### WHAT YOU HAVE TO DO
Tally up the lines in the following entries where the string "lineweight" appears, and answer with the number alone.
- Opening Delimiter -
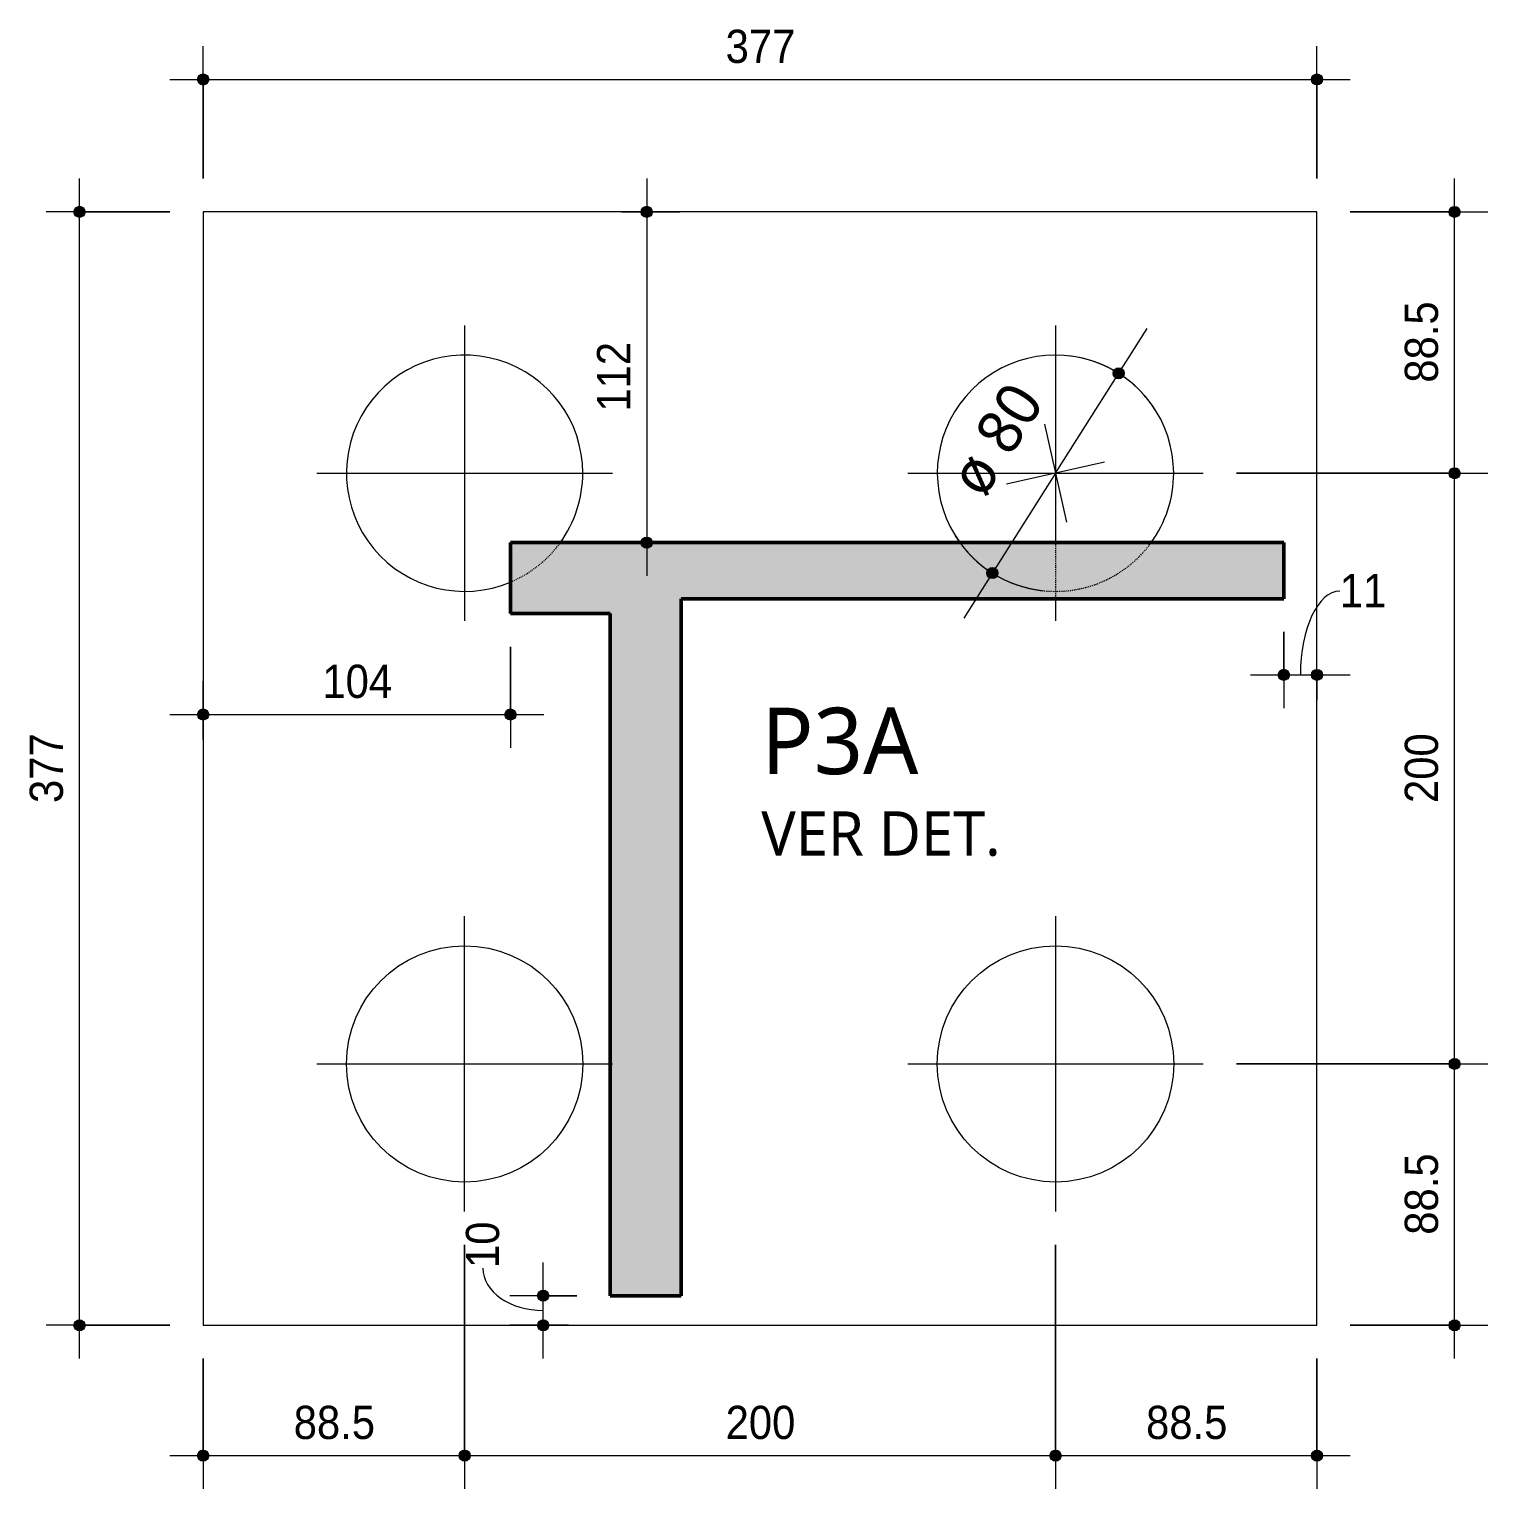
# Model space of a CAD drawing. Header units: centimetres. Extents: x -3523 to 38560, y -3196 to 88043.
# Drawn here: x 27730 to 28223.7, y 386.7 to 881 of the extents above; entities that cross this region are included whole.
import ezdxf

# ---------------------------------------------------------------- set-up
doc = ezdxf.new("R2010")
doc.units = ezdxf.units.CM
doc.linetypes.add('Traço', pattern=[0.635, 0.3175, -0.3175])
for name, color, linetype, lineweight in [('A-ANNO-DIMS', 7, 'Continuous', 9), ('A-ANNO-DIMS-75', 7, 'Continuous', 9), ('A-DETL-MBND', 7, 'Continuous', 18), ('S-COLS', 7, 'Continuous', 25), ('S-COLS-IDEN', 7, 'Continuous', 9), ('S-FNDN', 7, 'Continuous', 25), ('S-FNDN-HDLN', 7, 'Traço', 18)]:
    doc.layers.add(name, color=color, linetype=linetype, lineweight=lineweight)
doc.styles.add('Arial_1', font='arial.ttf', dxfattribs={"width": 0.9, "height": 11.25})
doc.styles.add('Gadugi', font='gadugi.ttf', dxfattribs={"height": 15})
doc.styles.add('Gadugi_1', font='gadugi.ttf', dxfattribs={"height": 22.5})
doc.styles.add('Gadugi_3', font='gadugi.ttf', dxfattribs={"height": 0.2})
doc.dimstyles.new('PED_1_5mm_ESQ_2', dxfattribs={"dimscale": 30.48, "dimtxt": 11.477918, "dimasz": 0.492126, "dimexe": 0.369094, "dimexo": 0.369094, "dimgap": 0.073819, "dimtad": 1, "dimdec": 1, "dimrnd": 0.5, "dimdsep": 46, "dimtxsty": 'Arial_1', "dimblk1": 'DOTSMALL', "dimblk2": 'DOTSMALL', "dimsah": 1, "dimcen": 0.09, "dimdle": 0.369094, "dimazin": 0, "dimtfac": 1, "dimtdec": 4, "dimtix": 1, "dimtmove": 1, "dimatfit": 3, "dimfxl": 1, "dimtvp": 1, "dimtolj": 1, "dimtzin": 0, "dimarcsym": 2})
doc.dimstyles.new('PED_1_5mm_ESQ_5', dxfattribs={"dimscale": 30.48, "dimtxt": 11.477918, "dimasz": 0.492126, "dimexe": 0.369094, "dimexo": 0.369094, "dimgap": 0.073819, "dimtad": 1, "dimdec": 1, "dimrnd": 0.5, "dimdsep": 46, "dimtxsty": 'Arial_1', "dimblk1": 'DOTSMALL', "dimblk2": 'DOTSMALL', "dimsah": 1, "dimcen": 0.09, "dimdle": 0.369094, "dimazin": 0, "dimtfac": 1, "dimtdec": 4, "dimtix": 1, "dimtmove": 0, "dimatfit": 3, "dimfxl": 1, "dimtvp": 1, "dimtolj": 1, "dimtzin": 0, "dimarcsym": 2})
doc.dimstyles.new('PED_Diâmetro_-_2_5_mm_GADUGI_1', dxfattribs={"dimscale": 30.48, "dimtxt": 15.557435, "dimasz": 0.492126, "dimexe": 0.590551, "dimexo": 0, "dimgap": 0.369094, "dimtad": 1, "dimjust": 3, "dimrnd": 0.01, "dimdsep": 46, "dimtxsty": 'Gadugi', "dimblk1": 'DOTSMALL', "dimblk2": 'DOTSMALL', "dimsah": 1, "dimcen": 0.09, "dimdle": 0.590551, "dimazin": 0, "dimtfac": 1, "dimtdec": 4, "dimtix": 1, "dimtmove": 0, "dimatfit": 2, "dimfxl": 1, "dimtvp": 1, "dimtolj": 1, "dimtzin": 0, "dimarcsym": 2})

# ---------------------------------------------------------------- blocks, each defined once
blk = doc.blocks.new('PED_BLRET-4EST_R01_2019 - 377x377x170-3763710-DT012 - BL480A PARA P3A')
at = {"layer": 'A-DETL-MBND'}
for p, q in [((-105, 30), (-105, -70)), ((95, 30), (95, -43.48)), ((-155, -20), (-55, -20)), ((45, -20), (145, -20)), ((95, -62.48), (95, -70)), ((-105, -270), (-105, -170)), ((95, -170), (95, -270)), ((-155, -220), (-55.73, -220)), ((45, -220), (145, -220))]:
    blk.add_line(p, q, dxfattribs=at)
for centre in [(-105, -220), (95, -220)]:
    blk.add_circle(centre, 40, dxfattribs=at)
for centre, start, end in [((-105, -20), 360, 292.9236), ((95, -20), 360, 216.125), ((-105, -20), 323.875, 360), ((95, -20), 323.875, 360)]:
    blk.add_arc(centre, 40, start, end, dxfattribs=at)
at = {"layer": 'S-FNDN-HDLN'}
for p, q in [((95, -43.49), (95, -62.48)), ((-55.72, -220), (-55, -220))]:
    blk.add_line(p, q, dxfattribs=at)
for centre, start in [((-105, -20), 292.9308), ((95, -20), 216.1321)]:
    blk.add_arc(centre, 40, start, 323.8679, dxfattribs=at)
blk = doc.blocks.new('DIMBLOCK454-DT012 - BL480A PARA P3A')
at = {"layer": 'A-ANNO-DIMS-75'}
h = blk.add_hatch(color=256, dxfattribs=at)
edge = h.paths.add_edge_path(flags=0)
edge.add_arc((27746.99, 819.1), 1.88, 0, 360)
h = blk.add_hatch(color=256, dxfattribs=at)
edge = h.paths.add_edge_path(flags=0)
edge.add_arc((27746.99, 442.1), 1.88, 0, 360)
for p, q in [((27746.99, 430.85), (27746.99, 830.35)), ((27777.59, 819.1), (27735.74, 819.1)), ((27746.99, 819.1), (27777.59, 819.1)), ((27777.59, 442.1), (27735.74, 442.1)), ((27746.99, 442.1), (27777.59, 442.1))]:
    blk.add_line(p, q, dxfattribs=at)
for centre in [(27746.99, 819.1), (27746.99, 442.1)]:
    blk.add_circle(centre, 1.88, dxfattribs=at)
at = {"layer": 'A-ANNO-DIMS-75', "color": 0, "insert": (27730.13, 618.95), "char_height": 11.25, "width": 27.9708, "attachment_point": 1, "rotation": 90, "line_spacing_factor": 0.941778, "style": 'Arial_1'}
blk.add_mtext('377', dxfattribs=at)
blk = doc.blocks.new('_DotSmall')
at = {"color": 0, "linetype": 'ByBlock', "const_width": 0.5}
blk.add_lwpolyline([(-0.0625, 0, 1), (0.0625, 0, 1)], format="xyb", close=True, dxfattribs=at)
blk = doc.blocks.new('DIMBLOCK455-DT012 - BL480A PARA P3A')
at = {"layer": 'A-ANNO-DIMS-75'}
h = blk.add_hatch(color=256, dxfattribs=at)
edge = h.paths.add_edge_path(flags=0)
edge.add_arc((27788.84, 863.93), 1.88, 0, 360)
h = blk.add_hatch(color=256, dxfattribs=at)
edge = h.paths.add_edge_path(flags=0)
edge.add_arc((28165.84, 863.93), 1.87, 0, 360)
for p, q in [((27788.84, 830.35), (27788.84, 875.18)), ((28165.84, 830.35), (28165.84, 875.18)), ((27777.59, 863.93), (28177.09, 863.93)), ((27788.84, 863.93), (27788.84, 830.35)), ((28165.84, 863.93), (28165.84, 830.35))]:
    blk.add_line(p, q, dxfattribs=at)
for centre, radius in [((27788.84, 863.93), 1.88), ((28165.84, 863.93), 1.87)]:
    blk.add_circle(centre, radius, dxfattribs=at)
at = {"layer": 'A-ANNO-DIMS-75', "color": 0, "insert": (27965.68, 880.78), "char_height": 11.25, "width": 27.9708, "attachment_point": 1, "line_spacing_factor": 0.941778, "style": 'Arial_1'}
blk.add_mtext('377', dxfattribs=at)
blk = doc.blocks.new('DIMBLOCK456-DT012 - BL480A PARA P3A')
at = {"layer": 'A-ANNO-DIMS-75'}
h = blk.add_hatch(color=256, dxfattribs=at)
edge = h.paths.add_edge_path(flags=0)
edge.add_arc((27788.84, 397.98), 1.88, 0, 360)
h = blk.add_hatch(color=256, dxfattribs=at)
edge = h.paths.add_edge_path(flags=0)
edge.add_arc((27877.34, 397.98), 1.88, 0, 360)
for p, q in [((27877.34, 469.35), (27877.34, 386.73)), ((27877.34, 397.98), (27877.34, 469.35)), ((27788.84, 430.85), (27788.84, 386.73)), ((27788.84, 397.98), (27788.84, 430.85)), ((27777.59, 397.98), (27877.34, 397.98))]:
    blk.add_line(p, q, dxfattribs=at)
for centre in [(27788.84, 397.98), (27877.34, 397.98)]:
    blk.add_circle(centre, 1.88, dxfattribs=at)
at = {"layer": 'A-ANNO-DIMS-75', "color": 0, "insert": (27819.49, 414.84), "char_height": 11.25, "width": 32.6326, "attachment_point": 1, "line_spacing_factor": 0.941778, "style": 'Arial_1'}
blk.add_mtext('88.5', dxfattribs=at)
blk = doc.blocks.new('DIMBLOCK457-DT012 - BL480A PARA P3A')
at = {"layer": 'A-ANNO-DIMS-75'}
h = blk.add_hatch(color=256, dxfattribs=at)
edge = h.paths.add_edge_path(flags=0)
edge.add_arc((27877.34, 397.98), 1.88, 0, 360)
h = blk.add_hatch(color=256, dxfattribs=at)
edge = h.paths.add_edge_path(flags=0)
edge.add_arc((28077.34, 397.98), 1.88, 0, 360)
for p, q in [((27877.34, 469.35), (27877.34, 386.73)), ((27877.34, 397.98), (27877.34, 469.35)), ((28077.34, 469.35), (28077.34, 386.73)), ((28077.34, 397.98), (28077.34, 469.35)), ((27877.34, 397.98), (28077.34, 397.98))]:
    blk.add_line(p, q, dxfattribs=at)
for centre in [(27877.34, 397.98), (28077.34, 397.98)]:
    blk.add_circle(centre, 1.88, dxfattribs=at)
at = {"layer": 'A-ANNO-DIMS-75', "color": 0, "insert": (27965.68, 414.84), "char_height": 11.25, "width": 27.9708, "attachment_point": 1, "line_spacing_factor": 0.941778, "style": 'Arial_1'}
blk.add_mtext('200', dxfattribs=at)
blk = doc.blocks.new('DIMBLOCK458-DT012 - BL480A PARA P3A')
at = {"layer": 'A-ANNO-DIMS-75'}
h = blk.add_hatch(color=256, dxfattribs=at)
edge = h.paths.add_edge_path(flags=0)
edge.add_arc((28077.34, 397.98), 1.88, 0, 360)
h = blk.add_hatch(color=256, dxfattribs=at)
edge = h.paths.add_edge_path(flags=0)
edge.add_arc((28165.84, 397.98), 1.87, 0, 360)
for p, q in [((28077.34, 469.35), (28077.34, 386.73)), ((28077.34, 397.98), (28077.34, 469.35)), ((28165.84, 430.85), (28165.84, 386.73)), ((28165.84, 397.98), (28165.84, 430.85)), ((28077.34, 397.98), (28177.09, 397.98))]:
    blk.add_line(p, q, dxfattribs=at)
for centre, radius in [((28077.34, 397.98), 1.88), ((28165.84, 397.98), 1.87)]:
    blk.add_circle(centre, radius, dxfattribs=at)
at = {"layer": 'A-ANNO-DIMS-75', "color": 0, "insert": (28107.99, 414.84), "char_height": 11.25, "width": 32.6326, "attachment_point": 1, "line_spacing_factor": 0.941778, "style": 'Arial_1'}
blk.add_mtext('88.5', dxfattribs=at)
blk = doc.blocks.new('DIMBLOCK459-DT012 - BL480A PARA P3A')
at = {"layer": 'A-ANNO-DIMS-75'}
h = blk.add_hatch(color=256, dxfattribs=at)
edge = h.paths.add_edge_path(flags=0)
edge.add_arc((28212.4, 530.6), 1.87, 0, 360)
h = blk.add_hatch(color=256, dxfattribs=at)
edge = h.paths.add_edge_path(flags=0)
edge.add_arc((28212.4, 442.1), 1.87, 0, 360)
for p, q in [((28138.59, 530.6), (28223.65, 530.6)), ((28212.4, 530.6), (28138.59, 530.6)), ((28212.4, 430.85), (28212.4, 530.6)), ((28177.09, 442.1), (28223.65, 442.1)), ((28212.4, 442.1), (28177.09, 442.1))]:
    blk.add_line(p, q, dxfattribs=at)
for centre in [(28212.4, 530.6), (28212.4, 442.1)]:
    blk.add_circle(centre, 1.87, dxfattribs=at)
at = {"layer": 'A-ANNO-DIMS-75', "color": 0, "insert": (28195.55, 472.76), "char_height": 11.25, "width": 32.6326, "attachment_point": 1, "rotation": 90, "line_spacing_factor": 0.941778, "style": 'Arial_1'}
blk.add_mtext('88.5', dxfattribs=at)
blk = doc.blocks.new('DIMBLOCK460-DT012 - BL480A PARA P3A')
at = {"layer": 'A-ANNO-DIMS-75'}
h = blk.add_hatch(color=256, dxfattribs=at)
edge = h.paths.add_edge_path(flags=0)
edge.add_arc((28212.4, 730.6), 1.87, 0, 360)
h = blk.add_hatch(color=256, dxfattribs=at)
edge = h.paths.add_edge_path(flags=0)
edge.add_arc((28212.4, 530.6), 1.87, 0, 360)
for p, q in [((28138.59, 730.6), (28223.65, 730.6)), ((28212.4, 730.6), (28138.59, 730.6)), ((28212.4, 530.6), (28212.4, 730.6)), ((28138.59, 530.6), (28223.65, 530.6)), ((28212.4, 530.6), (28138.59, 530.6))]:
    blk.add_line(p, q, dxfattribs=at)
for centre in [(28212.4, 730.6), (28212.4, 530.6)]:
    blk.add_circle(centre, 1.87, dxfattribs=at)
at = {"layer": 'A-ANNO-DIMS-75', "color": 0, "insert": (28195.55, 618.95), "char_height": 11.25, "width": 27.9708, "attachment_point": 1, "rotation": 90, "line_spacing_factor": 0.941778, "style": 'Arial_1'}
blk.add_mtext('200', dxfattribs=at)
blk = doc.blocks.new('DIMBLOCK461-DT012 - BL480A PARA P3A')
at = {"layer": 'A-ANNO-DIMS-75'}
h = blk.add_hatch(color=256, dxfattribs=at)
edge = h.paths.add_edge_path(flags=0)
edge.add_arc((28212.4, 819.1), 1.87, 0, 360)
h = blk.add_hatch(color=256, dxfattribs=at)
edge = h.paths.add_edge_path(flags=0)
edge.add_arc((28212.4, 730.6), 1.87, 0, 360)
for p, q in [((28212.4, 730.6), (28212.4, 830.35)), ((28177.09, 819.1), (28223.65, 819.1)), ((28212.4, 819.1), (28177.09, 819.1)), ((28138.59, 730.6), (28223.65, 730.6)), ((28212.4, 730.6), (28138.59, 730.6))]:
    blk.add_line(p, q, dxfattribs=at)
for centre in [(28212.4, 819.1), (28212.4, 730.6)]:
    blk.add_circle(centre, 1.87, dxfattribs=at)
at = {"layer": 'A-ANNO-DIMS-75', "color": 0, "insert": (28195.55, 761.26), "char_height": 11.25, "width": 32.6326, "attachment_point": 1, "rotation": 90, "line_spacing_factor": 0.941778, "style": 'Arial_1'}
blk.add_mtext('88.5', dxfattribs=at)
blk = doc.blocks.new('DIMBLOCK462-DT012 - BL480A PARA P3A')
at = {"layer": 'A-ANNO-DIMS-75'}
h = blk.add_hatch(color=256, dxfattribs=at)
edge = h.paths.add_edge_path(flags=0)
edge.add_arc((28098.72, 764.41), 1.88, 0, 360)
h = blk.add_hatch(color=256, dxfattribs=at)
edge = h.paths.add_edge_path(flags=0)
edge.add_arc((28055.96, 696.79), 1.88, 0, 360)
for p, q in [((28077.34, 730.6), (28108.34, 779.62)), ((28073.61, 747.16), (28081.07, 714.05)), ((28093.89, 734.33), (28060.78, 726.87)), ((28077.34, 730.6), (28046.34, 681.58))]:
    blk.add_line(p, q, dxfattribs=at)
for centre in [(28098.72, 764.41), (28055.96, 696.79)]:
    blk.add_circle(centre, 1.88, dxfattribs=at)
for start, end in [(31.9098, 83.476), (211.9098, 263.476)]:
    blk.add_arc((28077.34, 730.6), 40, start, end, dxfattribs=at)
at = {"layer": 'A-ANNO-DIMS-75', "color": 0, "insert": (28040.23, 729.63), "char_height": 15, "width": 49.5798, "attachment_point": 1, "rotation": 57.6929, "line_spacing_factor": 1.02016, "style": 'Gadugi'}
blk.add_mtext('ø 80', dxfattribs=at)
blk = doc.blocks.new('DIMBLOCK463-DT012 - BL480A PARA P3A')
at = {"layer": 'A-ANNO-DIMS-75'}
h = blk.add_hatch(color=256, dxfattribs=at)
edge = h.paths.add_edge_path(flags=0)
edge.add_arc((27788.84, 648.9), 1.88, 0, 360)
h = blk.add_hatch(color=256, dxfattribs=at)
edge = h.paths.add_edge_path(flags=0)
edge.add_arc((27892.86, 648.9), 1.88, 0, 360)
for p, q in [((27892.86, 671.87), (27892.86, 637.65)), ((27892.86, 648.9), (27892.86, 671.87)), ((27788.84, 640.31), (27788.84, 660.15)), ((27777.59, 648.9), (27904.11, 648.9)), ((27788.84, 648.9), (27788.84, 640.31))]:
    blk.add_line(p, q, dxfattribs=at)
for centre in [(27788.84, 648.9), (27892.86, 648.9)]:
    blk.add_circle(centre, 1.88, dxfattribs=at)
at = {"layer": 'A-ANNO-DIMS-75', "color": 0, "insert": (27829.2, 665.76), "char_height": 11.25, "width": 27.9708, "attachment_point": 1, "line_spacing_factor": 0.941778, "style": 'Arial_1'}
blk.add_mtext('104', dxfattribs=at)
blk = doc.blocks.new('DIMBLOCK464-DT012 - BL480A PARA P3A')
at = {"layer": 'A-ANNO-DIMS-75'}
h = blk.add_hatch(color=256, dxfattribs=at)
edge = h.paths.add_edge_path(flags=0)
edge.add_arc((27903.93, 452.12), 1.88, 0, 360)
h = blk.add_hatch(color=256, dxfattribs=at)
edge = h.paths.add_edge_path(flags=0)
edge.add_arc((27903.93, 442.1), 1.88, 0, 360)
for p, q in [((27903.93, 430.85), (27903.93, 463.37)), ((27915.36, 452.12), (27892.68, 452.12)), ((27903.93, 452.12), (27915.36, 452.12)), ((27912.53, 442.1), (27892.68, 442.1)), ((27903.93, 442.1), (27912.53, 442.1))]:
    blk.add_line(p, q, dxfattribs=at)
for centre in [(27903.93, 452.12), (27903.93, 442.1)]:
    blk.add_circle(centre, 1.88, dxfattribs=at)
blk.add_ellipse((27903.93, 461.49), major_axis=(20.4, 0), ratio=0.705141, start_param=3.141593, end_param=4.712389, dxfattribs=at)
at = {"layer": 'A-ANNO-DIMS-75', "color": 0, "insert": (27877.76, 461.49), "char_height": 11.25, "width": 18.6472, "attachment_point": 1, "rotation": 90, "line_spacing_factor": 0.941778, "style": 'Arial_1'}
blk.add_mtext('10', dxfattribs=at)
blk = doc.blocks.new('DIMBLOCK465-DT012 - BL480A PARA P3A')
at = {"layer": 'A-ANNO-DIMS-75'}
h = blk.add_hatch(color=256, dxfattribs=at)
edge = h.paths.add_edge_path(flags=0)
edge.add_arc((28154.61, 662.33), 1.88, 0, 360)
h = blk.add_hatch(color=256, dxfattribs=at)
edge = h.paths.add_edge_path(flags=0)
edge.add_arc((28165.84, 662.33), 1.87, 0, 360)
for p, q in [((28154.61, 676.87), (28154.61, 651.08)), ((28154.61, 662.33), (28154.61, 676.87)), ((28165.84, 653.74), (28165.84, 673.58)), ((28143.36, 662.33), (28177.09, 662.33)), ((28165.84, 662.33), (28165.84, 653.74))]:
- Closing Delimiter -
### SOLUTION TO THIS PROBLEM
2